Signed-off-by: Xu Kuohai <xukuohai@xxxxxxxxxx>
---
include/linux/bpf.h | 15 +++++++
include/linux/bpf_types.h | 1 +
include/linux/filter.h | 1 +
kernel/bpf/bpf_insn_array.c | 28 +++++++++++++
kernel/bpf/core.c | 5 +++
kernel/bpf/syscall.c | 78 ++++++++++++++++++++++++++++++-------
kernel/bpf/verifier.c | 19 +++++++++
7 files changed, 134 insertions(+), 13 deletions(-)

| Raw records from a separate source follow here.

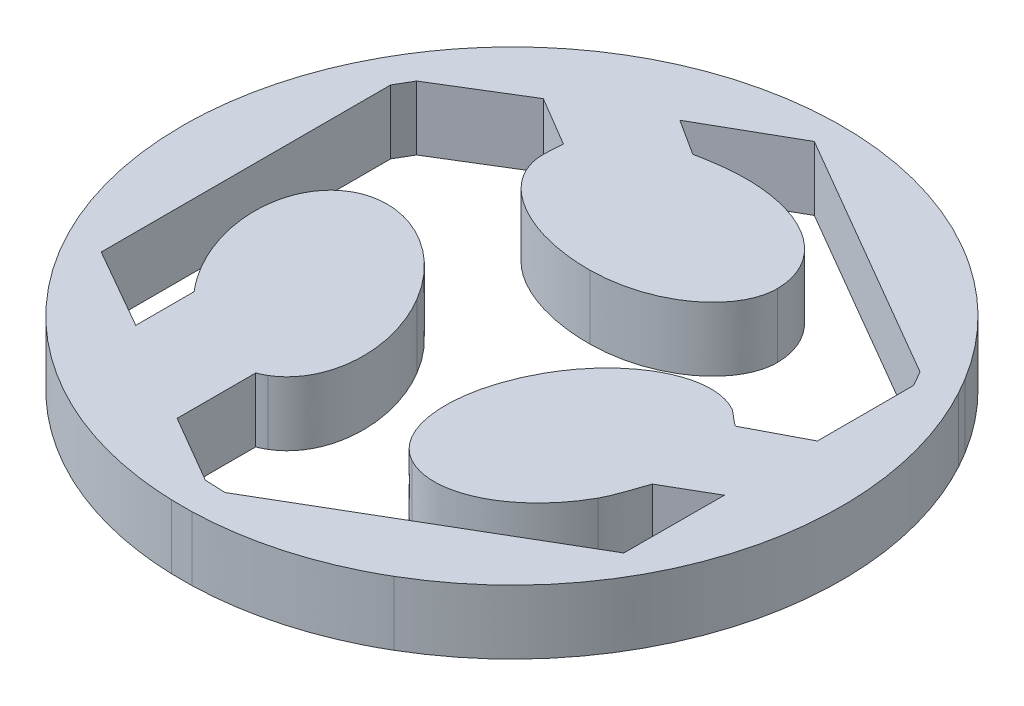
ISO-10303-21;
HEADER;
FILE_DESCRIPTION(('STEP AP214'),'2;1');
FILE_NAME('part.step','',(''),(''),'','','');
FILE_SCHEMA(('AUTOMOTIVE_DESIGN { 1 0 10303 214 1 1 1 1 }'));
ENDSEC;
DATA;
#1=APPLICATION_CONTEXT('core data for automotive mechanical design processes');
#2=APPLICATION_PROTOCOL_DEFINITION('international standard','automotive_design',2000,#1);
#3=PRODUCT_CONTEXT('',#1,'mechanical');
#4=PRODUCT('Part','Part','',(#3));
#5=PRODUCT_RELATED_PRODUCT_CATEGORY('part','',(#4));
#6=PRODUCT_DEFINITION_FORMATION('','',#4);
#7=PRODUCT_DEFINITION_CONTEXT('part definition',#1,'design');
#8=PRODUCT_DEFINITION('design','',#6,#7);
#9=PRODUCT_DEFINITION_SHAPE('','',#8);
#10=(LENGTH_UNIT() NAMED_UNIT(*) SI_UNIT(.MILLI.,.METRE.));
#11=(NAMED_UNIT(*) PLANE_ANGLE_UNIT() SI_UNIT($,.RADIAN.));
#12=(NAMED_UNIT(*) SI_UNIT($,.STERADIAN.) SOLID_ANGLE_UNIT());
#13=UNCERTAINTY_MEASURE_WITH_UNIT(LENGTH_MEASURE(1.E-05),#10,'distance_accuracy_value','');
#14=(GEOMETRIC_REPRESENTATION_CONTEXT(3) GLOBAL_UNCERTAINTY_ASSIGNED_CONTEXT((#13)) GLOBAL_UNIT_ASSIGNED_CONTEXT((#10,
#11,#12)) REPRESENTATION_CONTEXT('',''));
#15=CARTESIAN_POINT('',(0.,0.,0.));
#16=DIRECTION('',(0.,0.,1.));
#17=DIRECTION('',(1.,0.,0.));
#18=AXIS2_PLACEMENT_3D('',#15,#16,#17);
#19=CARTESIAN_POINT('',(82.209076,15.,-34.803937));
#20=CARTESIAN_POINT('',(94.753289,15.,-35.151917));
#21=CARTESIAN_POINT('',(107.389789,15.,-38.572732));
#22=CARTESIAN_POINT('',(118.982913,15.,-45.360741));
#23=B_SPLINE_CURVE_WITH_KNOTS('',3,(#19,#20,#21,#22),.UNSPECIFIED.,.F.,.F.,(4,4),(0.,1.),.UNSPECIFIED.);
#24=DIRECTION('',(0.,-1.,0.));
#25=VECTOR('',#24,1.);
#26=SURFACE_OF_LINEAR_EXTRUSION('',#23,#25);
#27=CARTESIAN_POINT('',(82.209076,0.,-34.803937));
#28=CARTESIAN_POINT('',(94.753289,0.,-35.151917));
#29=CARTESIAN_POINT('',(107.389789,0.,-38.572732));
#30=CARTESIAN_POINT('',(118.982913,0.,-45.360741));
#31=B_SPLINE_CURVE_WITH_KNOTS('',3,(#27,#28,#29,#30),.UNSPECIFIED.,.F.,.F.,(4,4),(0.,1.),.UNSPECIFIED.);
#32=CARTESIAN_POINT('',(82.209076,0.,-34.803937));
#33=VERTEX_POINT('',#32);
#34=CARTESIAN_POINT('',(118.982913,0.,-45.360741));
#35=VERTEX_POINT('',#34);
#36=EDGE_CURVE('E793',#33,#35,#31,.T.);
#37=ORIENTED_EDGE('',*,*,#36,.T.);
#38=DIRECTION('',(0.,-1.,0.));
#39=VECTOR('',#38,1.);
#40=CARTESIAN_POINT('',(118.982913,15.,-45.360741));
#41=LINE('',#40,#39);
#42=CARTESIAN_POINT('',(118.982913,15.,-45.360741));
#43=VERTEX_POINT('',#42);
#44=EDGE_CURVE('E11',#43,#35,#41,.T.);
#45=ORIENTED_EDGE('',*,*,#44,.F.);
#46=CARTESIAN_POINT('',(82.209076,15.,-34.803937));
#47=VERTEX_POINT('',#46);
#48=EDGE_CURVE('E393',#47,#43,#23,.T.);
#49=ORIENTED_EDGE('',*,*,#48,.F.);
#50=DIRECTION('',(0.,-1.,0.));
#51=VECTOR('',#50,1.);
#52=CARTESIAN_POINT('',(82.209076,15.,-34.803937));
#53=LINE('',#52,#51);
#54=EDGE_CURVE('E53',#47,#33,#53,.T.);
#55=ORIENTED_EDGE('',*,*,#54,.T.);
#56=EDGE_LOOP('',(#37,#45,#49,#55));
#57=FACE_BOUND('',#56,.T.);
#58=ADVANCED_FACE('F33',(#57),#26,.F.);
#59=CARTESIAN_POINT('',(118.982913,15.,-45.360741));
#60=CARTESIAN_POINT('',(155.002936,15.,-66.452901));
#61=CARTESIAN_POINT('',(167.592022,15.,-112.206486));
#62=CARTESIAN_POINT('',(147.852553,15.,-148.631779));
#63=B_SPLINE_CURVE_WITH_KNOTS('',3,(#59,#60,#61,#62),.UNSPECIFIED.,.F.,.F.,(4,4),(0.,1.),.UNSPECIFIED.);
#64=DIRECTION('',(0.,-1.,0.));
#65=VECTOR('',#64,1.);
#66=SURFACE_OF_LINEAR_EXTRUSION('',#63,#65);
#67=CARTESIAN_POINT('',(118.982913,0.,-45.360741));
#68=CARTESIAN_POINT('',(155.002936,0.,-66.452901));
#69=CARTESIAN_POINT('',(167.592022,0.,-112.206486));
#70=CARTESIAN_POINT('',(147.852553,0.,-148.631779));
#71=B_SPLINE_CURVE_WITH_KNOTS('',3,(#67,#68,#69,#70),.UNSPECIFIED.,.F.,.F.,(4,4),(0.,1.),.UNSPECIFIED.);
#72=CARTESIAN_POINT('',(147.852553,0.,-148.631779));
#73=VERTEX_POINT('',#72);
#74=EDGE_CURVE('E800',#35,#73,#71,.T.);
#75=ORIENTED_EDGE('',*,*,#74,.T.);
#76=DIRECTION('',(0.,-1.,0.));
#77=VECTOR('',#76,1.);
#78=CARTESIAN_POINT('',(147.852553,15.,-148.631779));
#79=LINE('',#78,#77);
#80=CARTESIAN_POINT('',(147.852553,15.,-148.631779));
#81=VERTEX_POINT('',#80);
#82=EDGE_CURVE('E44',#81,#73,#79,.T.);
#83=ORIENTED_EDGE('',*,*,#82,.F.);
#84=EDGE_CURVE('E388',#43,#81,#63,.T.);
#85=ORIENTED_EDGE('',*,*,#84,.F.);
#86=ORIENTED_EDGE('',*,*,#44,.T.);
#87=EDGE_LOOP('',(#75,#83,#85,#86));
#88=FACE_BOUND('',#87,.T.);
#89=ADVANCED_FACE('F402',(#88),#66,.F.);
#90=CARTESIAN_POINT('',(175.353475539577,15.,-100.782265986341));
#91=DIRECTION('',(0.867004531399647,0.,-0.498300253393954));
#92=DIRECTION('',(-0.498300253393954,0.,-0.867004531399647));
#93=AXIS2_PLACEMENT_3D('',#90,#91,#92);
#94=PLANE('',#93);
#95=DIRECTION('',(0.498300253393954,0.,0.867004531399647));
#96=VECTOR('',#95,1.);
#97=CARTESIAN_POINT('',(175.353475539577,0.,-100.782265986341));
#98=LINE('',#97,#96);
#99=CARTESIAN_POINT('',(145.85696,0.,-152.103959));
#100=VERTEX_POINT('',#99);
#101=EDGE_CURVE('E808',#100,#73,#98,.T.);
#102=ORIENTED_EDGE('',*,*,#101,.F.);
#103=DIRECTION('',(0.,-1.,0.));
#104=VECTOR('',#103,1.);
#105=CARTESIAN_POINT('',(145.85696,15.,-152.103959));
#106=LINE('',#105,#104);
#107=CARTESIAN_POINT('',(145.85696,15.,-152.103959));
#108=VERTEX_POINT('',#107);
#109=EDGE_CURVE('E851',#108,#100,#106,.T.);
#110=ORIENTED_EDGE('',*,*,#109,.F.);
#111=DIRECTION('',(0.498300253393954,0.,0.867004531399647));
#112=VECTOR('',#111,1.);
#113=CARTESIAN_POINT('',(175.353475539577,15.,-100.782265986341));
#114=LINE('',#113,#112);
#115=EDGE_CURVE('E382',#108,#81,#114,.T.);
#116=ORIENTED_EDGE('',*,*,#115,.T.);
#117=ORIENTED_EDGE('',*,*,#82,.T.);
#118=EDGE_LOOP('',(#102,#110,#116,#117));
#119=FACE_BOUND('',#118,.T.);
#120=ADVANCED_FACE('F405',(#119),#94,.T.);
#121=CARTESIAN_POINT('',(145.85696,15.,-152.103959));
#122=CARTESIAN_POINT('',(139.336216,15.,-162.825581));
#123=CARTESIAN_POINT('',(130.10134,15.,-172.104201));
#124=CARTESIAN_POINT('',(118.458544,15.,-178.807543));
#125=B_SPLINE_CURVE_WITH_KNOTS('',3,(#121,#122,#123,#124),.UNSPECIFIED.,.F.,.F.,(4,4),(0.,1.),.UNSPECIFIED.);
#126=DIRECTION('',(0.,-1.,0.));
#127=VECTOR('',#126,1.);
#128=SURFACE_OF_LINEAR_EXTRUSION('',#125,#127);
#129=CARTESIAN_POINT('',(145.85696,0.,-152.103959));
#130=CARTESIAN_POINT('',(139.336216,0.,-162.825581));
#131=CARTESIAN_POINT('',(130.10134,0.,-172.104201));
#132=CARTESIAN_POINT('',(118.458544,0.,-178.807543));
#133=B_SPLINE_CURVE_WITH_KNOTS('',3,(#129,#130,#131,#132),.UNSPECIFIED.,.F.,.F.,(4,4),(0.,1.),.UNSPECIFIED.);
#134=CARTESIAN_POINT('',(118.458544,0.,-178.807543));
#135=VERTEX_POINT('',#134);
#136=EDGE_CURVE('E814',#100,#135,#133,.T.);
#137=ORIENTED_EDGE('',*,*,#136,.T.);
#138=DIRECTION('',(0.,-1.,0.));
#139=VECTOR('',#138,1.);
#140=CARTESIAN_POINT('',(118.458544,15.,-178.807543));
#141=LINE('',#140,#139);
#142=CARTESIAN_POINT('',(118.458544,15.,-178.807543));
#143=VERTEX_POINT('',#142);
#144=EDGE_CURVE('E848',#143,#135,#141,.T.);
#145=ORIENTED_EDGE('',*,*,#144,.F.);
#146=EDGE_CURVE('E374',#108,#143,#125,.T.);
#147=ORIENTED_EDGE('',*,*,#146,.F.);
#148=ORIENTED_EDGE('',*,*,#109,.T.);
#149=EDGE_LOOP('',(#137,#145,#147,#148));
#150=FACE_BOUND('',#149,.T.);
#151=ADVANCED_FACE('F366',(#150),#128,.F.);
#152=CARTESIAN_POINT('',(118.458544,15.,-178.807543));
#153=CARTESIAN_POINT('',(82.283864,15.,-199.634697));
#154=CARTESIAN_POINT('',(36.30676,15.,-187.886632));
#155=CARTESIAN_POINT('',(14.458244,15.,-152.685619));
#156=B_SPLINE_CURVE_WITH_KNOTS('',3,(#152,#153,#154,#155),.UNSPECIFIED.,.F.,.F.,(4,4),(0.,1.),.UNSPECIFIED.);
#157=DIRECTION('',(0.,-1.,0.));
#158=VECTOR('',#157,1.);
#159=SURFACE_OF_LINEAR_EXTRUSION('',#156,#158);
#160=CARTESIAN_POINT('',(118.458544,0.,-178.807543));
#161=CARTESIAN_POINT('',(82.283864,0.,-199.634697));
#162=CARTESIAN_POINT('',(36.30676,0.,-187.886632));
#163=CARTESIAN_POINT('',(14.458244,0.,-152.685619));
#164=B_SPLINE_CURVE_WITH_KNOTS('',3,(#160,#161,#162,#163),.UNSPECIFIED.,.F.,.F.,(4,4),(0.,1.),.UNSPECIFIED.);
#165=CARTESIAN_POINT('',(14.458244,0.,-152.685619));
#166=VERTEX_POINT('',#165);
#167=EDGE_CURVE('E818',#135,#166,#164,.T.);
#168=ORIENTED_EDGE('',*,*,#167,.T.);
#169=DIRECTION('',(0.,-1.,0.));
#170=VECTOR('',#169,1.);
#171=CARTESIAN_POINT('',(14.458244,15.,-152.685619));
#172=LINE('',#171,#170);
#173=CARTESIAN_POINT('',(14.458244,15.,-152.685619));
#174=VERTEX_POINT('',#173);
#175=EDGE_CURVE('E845',#174,#166,#172,.T.);
#176=ORIENTED_EDGE('',*,*,#175,.F.);
#177=EDGE_CURVE('E370',#143,#174,#156,.T.);
#178=ORIENTED_EDGE('',*,*,#177,.F.);
#179=ORIENTED_EDGE('',*,*,#144,.T.);
#180=EDGE_LOOP('',(#168,#176,#178,#179));
#181=FACE_BOUND('',#180,.T.);
#182=ADVANCED_FACE('F361',(#181),#159,.F.);
#183=CARTESIAN_POINT('',(-55.7182166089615,15.,-32.5464931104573));
#184=DIRECTION('',(0.863480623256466,0.,0.504382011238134));
#185=DIRECTION('',(0.504382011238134,0.,-0.863480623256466));
#186=AXIS2_PLACEMENT_3D('',#183,#184,#185);
#187=PLANE('',#186);
#188=DIRECTION('',(-0.504382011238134,0.,0.863480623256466));
#189=VECTOR('',#188,1.);
#190=CARTESIAN_POINT('',(-55.7182166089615,0.,-32.5464931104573));
#191=LINE('',#190,#189);
#192=CARTESIAN_POINT('',(12.293882,0.,-148.980323));
#193=VERTEX_POINT('',#192);
#194=EDGE_CURVE('E825',#166,#193,#191,.T.);
#195=ORIENTED_EDGE('',*,*,#194,.T.);
#196=DIRECTION('',(0.,-1.,0.));
#197=VECTOR('',#196,1.);
#198=CARTESIAN_POINT('',(12.293882,15.,-148.980323));
#199=LINE('',#198,#197);
#200=CARTESIAN_POINT('',(12.293882,15.,-148.980323));
#201=VERTEX_POINT('',#200);
#202=EDGE_CURVE('E332',#201,#193,#199,.T.);
#203=ORIENTED_EDGE('',*,*,#202,.F.);
#204=DIRECTION('',(-0.504382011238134,0.,0.863480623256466));
#205=VECTOR('',#204,1.);
#206=CARTESIAN_POINT('',(-55.7182166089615,15.,-32.5464931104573));
#207=LINE('',#206,#205);
#208=EDGE_CURVE('E320',#174,#201,#207,.T.);
#209=ORIENTED_EDGE('',*,*,#208,.F.);
#210=ORIENTED_EDGE('',*,*,#175,.T.);
#211=EDGE_LOOP('',(#195,#203,#209,#210));
#212=FACE_BOUND('',#211,.T.);
#213=ADVANCED_FACE('F358',(#212),#187,.F.);
#214=CARTESIAN_POINT('',(12.293882,15.,-148.980323));
#215=CARTESIAN_POINT('',(6.25602,15.,-137.979583));
#216=CARTESIAN_POINT('',(2.822222,15.,-125.346752));
#217=CARTESIAN_POINT('',(2.822222,15.,-111.91241));
#218=B_SPLINE_CURVE_WITH_KNOTS('',3,(#214,#215,#216,#217),.UNSPECIFIED.,.F.,.F.,(4,4),(0.,1.),.UNSPECIFIED.);
#219=DIRECTION('',(0.,-1.,0.));
#220=VECTOR('',#219,1.);
#221=SURFACE_OF_LINEAR_EXTRUSION('',#218,#220);
#222=CARTESIAN_POINT('',(12.293882,0.,-148.980323));
#223=CARTESIAN_POINT('',(6.25602,0.,-137.979583));
#224=CARTESIAN_POINT('',(2.822222,0.,-125.346752));
#225=CARTESIAN_POINT('',(2.822222,0.,-111.91241));
#226=B_SPLINE_CURVE_WITH_KNOTS('',3,(#222,#223,#224,#225),.UNSPECIFIED.,.F.,.F.,(4,4),(0.,1.),.UNSPECIFIED.);
#227=CARTESIAN_POINT('',(2.822222,0.,-111.91241));
#228=VERTEX_POINT('',#227);
#229=EDGE_CURVE('E329',#193,#228,#226,.T.);
#230=ORIENTED_EDGE('',*,*,#229,.T.);
#231=DIRECTION('',(0.,-1.,0.));
#232=VECTOR('',#231,1.);
#233=CARTESIAN_POINT('',(2.822222,15.,-111.91241));
#234=LINE('',#233,#232);
#235=CARTESIAN_POINT('',(2.822222,15.,-111.91241));
#236=VERTEX_POINT('',#235);
#237=EDGE_CURVE('E326',#236,#228,#234,.T.);
#238=ORIENTED_EDGE('',*,*,#237,.F.);
#239=EDGE_CURVE('E312',#201,#236,#218,.T.);
#240=ORIENTED_EDGE('',*,*,#239,.F.);
#241=ORIENTED_EDGE('',*,*,#202,.T.);
#242=EDGE_LOOP('',(#230,#238,#240,#241));
#243=FACE_BOUND('',#242,.T.);
#244=ADVANCED_FACE('F327',(#243),#221,.F.);
#245=CARTESIAN_POINT('',(2.822222,15.,-111.91241));
#246=CARTESIAN_POINT('',(2.822222,15.,-70.170615));
#247=CARTESIAN_POINT('',(35.94354,15.,-36.18739));
#248=CARTESIAN_POINT('',(77.351467,15.,-34.81579));
#249=B_SPLINE_CURVE_WITH_KNOTS('',3,(#245,#246,#247,#248),.UNSPECIFIED.,.F.,.F.,(4,4),(0.,1.),.UNSPECIFIED.);
#250=DIRECTION('',(0.,-1.,0.));
#251=VECTOR('',#250,1.);
#252=SURFACE_OF_LINEAR_EXTRUSION('',#249,#251);
#253=CARTESIAN_POINT('',(2.822222,0.,-111.91241));
#254=CARTESIAN_POINT('',(2.822222,0.,-70.170615));
#255=CARTESIAN_POINT('',(35.94354,0.,-36.18739));
#256=CARTESIAN_POINT('',(77.351467,0.,-34.81579));
#257=B_SPLINE_CURVE_WITH_KNOTS('',3,(#253,#254,#255,#256),.UNSPECIFIED.,.F.,.F.,(4,4),(0.,1.),.UNSPECIFIED.);
#258=CARTESIAN_POINT('',(77.351467,0.,-34.81579));
#259=VERTEX_POINT('',#258);
#260=EDGE_CURVE('E539',#228,#259,#257,.T.);
#261=ORIENTED_EDGE('',*,*,#260,.T.);
#262=DIRECTION('',(0.,-1.,0.));
#263=VECTOR('',#262,1.);
#264=CARTESIAN_POINT('',(77.351467,15.,-34.81579));
#265=LINE('',#264,#263);
#266=CARTESIAN_POINT('',(77.351467,15.,-34.81579));
#267=VERTEX_POINT('',#266);
#268=EDGE_CURVE('E182',#267,#259,#265,.T.);
#269=ORIENTED_EDGE('',*,*,#268,.F.);
#270=EDGE_CURVE('E318',#236,#267,#249,.T.);
#271=ORIENTED_EDGE('',*,*,#270,.F.);
#272=ORIENTED_EDGE('',*,*,#237,.T.);
#273=EDGE_LOOP('',(#261,#269,#271,#272));
#274=FACE_BOUND('',#273,.T.);
#275=ADVANCED_FACE('F334',(#274),#252,.F.);
#276=CARTESIAN_POINT('',(97.521324,15.,-70.98031));
#277=CARTESIAN_POINT('',(106.418944,15.,-66.023923));
#278=CARTESIAN_POINT('',(119.667302,15.,-71.970628));
#279=CARTESIAN_POINT('',(126.986171,15.,-85.10525));
#280=B_SPLINE_CURVE_WITH_KNOTS('',3,(#276,#277,#278,#279),.UNSPECIFIED.,.F.,.F.,(4,4),(0.,1.),.UNSPECIFIED.);
#281=DIRECTION('',(0.,-1.,0.));
#282=VECTOR('',#281,1.);
#283=SURFACE_OF_LINEAR_EXTRUSION('',#280,#282);
#284=CARTESIAN_POINT('',(97.521324,0.,-70.98031));
#285=CARTESIAN_POINT('',(106.418944,0.,-66.023923));
#286=CARTESIAN_POINT('',(119.667302,0.,-71.970628));
#287=CARTESIAN_POINT('',(126.986171,0.,-85.10525));
#288=B_SPLINE_CURVE_WITH_KNOTS('',3,(#284,#285,#286,#287),.UNSPECIFIED.,.F.,.F.,(4,4),(0.,1.),.UNSPECIFIED.);
#289=CARTESIAN_POINT('',(97.521324,0.,-70.98031));
#290=VERTEX_POINT('',#289);
#291=CARTESIAN_POINT('',(126.986171,0.,-85.10525));
#292=VERTEX_POINT('',#291);
#293=EDGE_CURVE('E928',#290,#292,#288,.T.);
#294=ORIENTED_EDGE('',*,*,#293,.T.);
#295=DIRECTION('',(0.,-1.,0.));
#296=VECTOR('',#295,1.);
#297=CARTESIAN_POINT('',(126.986171,15.,-85.10525));
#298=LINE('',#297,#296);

diff --git a/include/linux/bpf.h b/include/linux/bpf.h
index cb43792afdee..93c196f38b87 100644
--- a/include/linux/bpf.h
+++ b/include/linux/bpf.h
@@ -1220,6 +1220,8 @@ struct btf_func_model {
u8 nr_args;
u8 arg_size[MAX_BPF_FUNC_ARGS];
u8 arg_flags[MAX_BPF_FUNC_ARGS];
+ /* argument registers for bpf SDT probe site */
+ u8 arg_regs[MAX_BPF_FUNC_REG_ARGS];
};
/* Restore arguments before returning from trampoline to let original function
@@ -1419,6 +1421,15 @@ struct bpf_attach_target_info {
const struct btf_type *tgt_type;
};
+/*
+ * cached in prog->aux, used by the verifier to type the observer's context
+ * arguments, and by link_create to build the trampoline without re-resolving
+ */
+struct bpf_sdt_probe_info {
+ struct bpf_insn_array_value val;
+ unsigned long probe_ip;
+};
+
#define BPF_DISPATCHER_MAX 48 /* Fits in 2048B */
struct bpf_dispatcher_prog {
@@ -1762,6 +1773,7 @@ struct bpf_prog_aux {
void __percpu *priv_stack_ptr;
struct mutex dst_mutex; /* protects dst_* pointers below, *after* prog becomes visible */
struct bpf_prog *dst_prog;
+ struct bpf_sdt_probe_info *sdt_probe;
struct bpf_trampoline *dst_trampoline;
enum bpf_prog_type saved_dst_prog_type;
enum bpf_attach_type saved_dst_attach_type;
@@ -4159,6 +4171,9 @@ int bpf_insn_array_ready(struct bpf_map *map);
void bpf_insn_array_release(struct bpf_map *map);
void bpf_insn_array_adjust(struct bpf_map *map, u32 off, u32 len);
void bpf_insn_array_adjust_after_remove(struct bpf_map *map, u32 off, u32 len);
+int bpf_insn_array_get_sdt_probe_by_name(struct bpf_prog *prog, const char *name,
+ struct bpf_insn_array_value *val,
+ unsigned long *ip);
#ifdef CONFIG_BPF_SYSCALL
void bpf_prog_update_insn_ptrs(struct bpf_prog *prog, u32 *offsets, void *image);
diff --git a/include/linux/bpf_types.h b/include/linux/bpf_types.h
index e5906829aa6f..1aac6bc71c6f 100644
--- a/include/linux/bpf_types.h
+++ b/include/linux/bpf_types.h
@@ -157,3 +157,4 @@ BPF_LINK_TYPE(BPF_LINK_TYPE_KPROBE_MULTI, kprobe_multi)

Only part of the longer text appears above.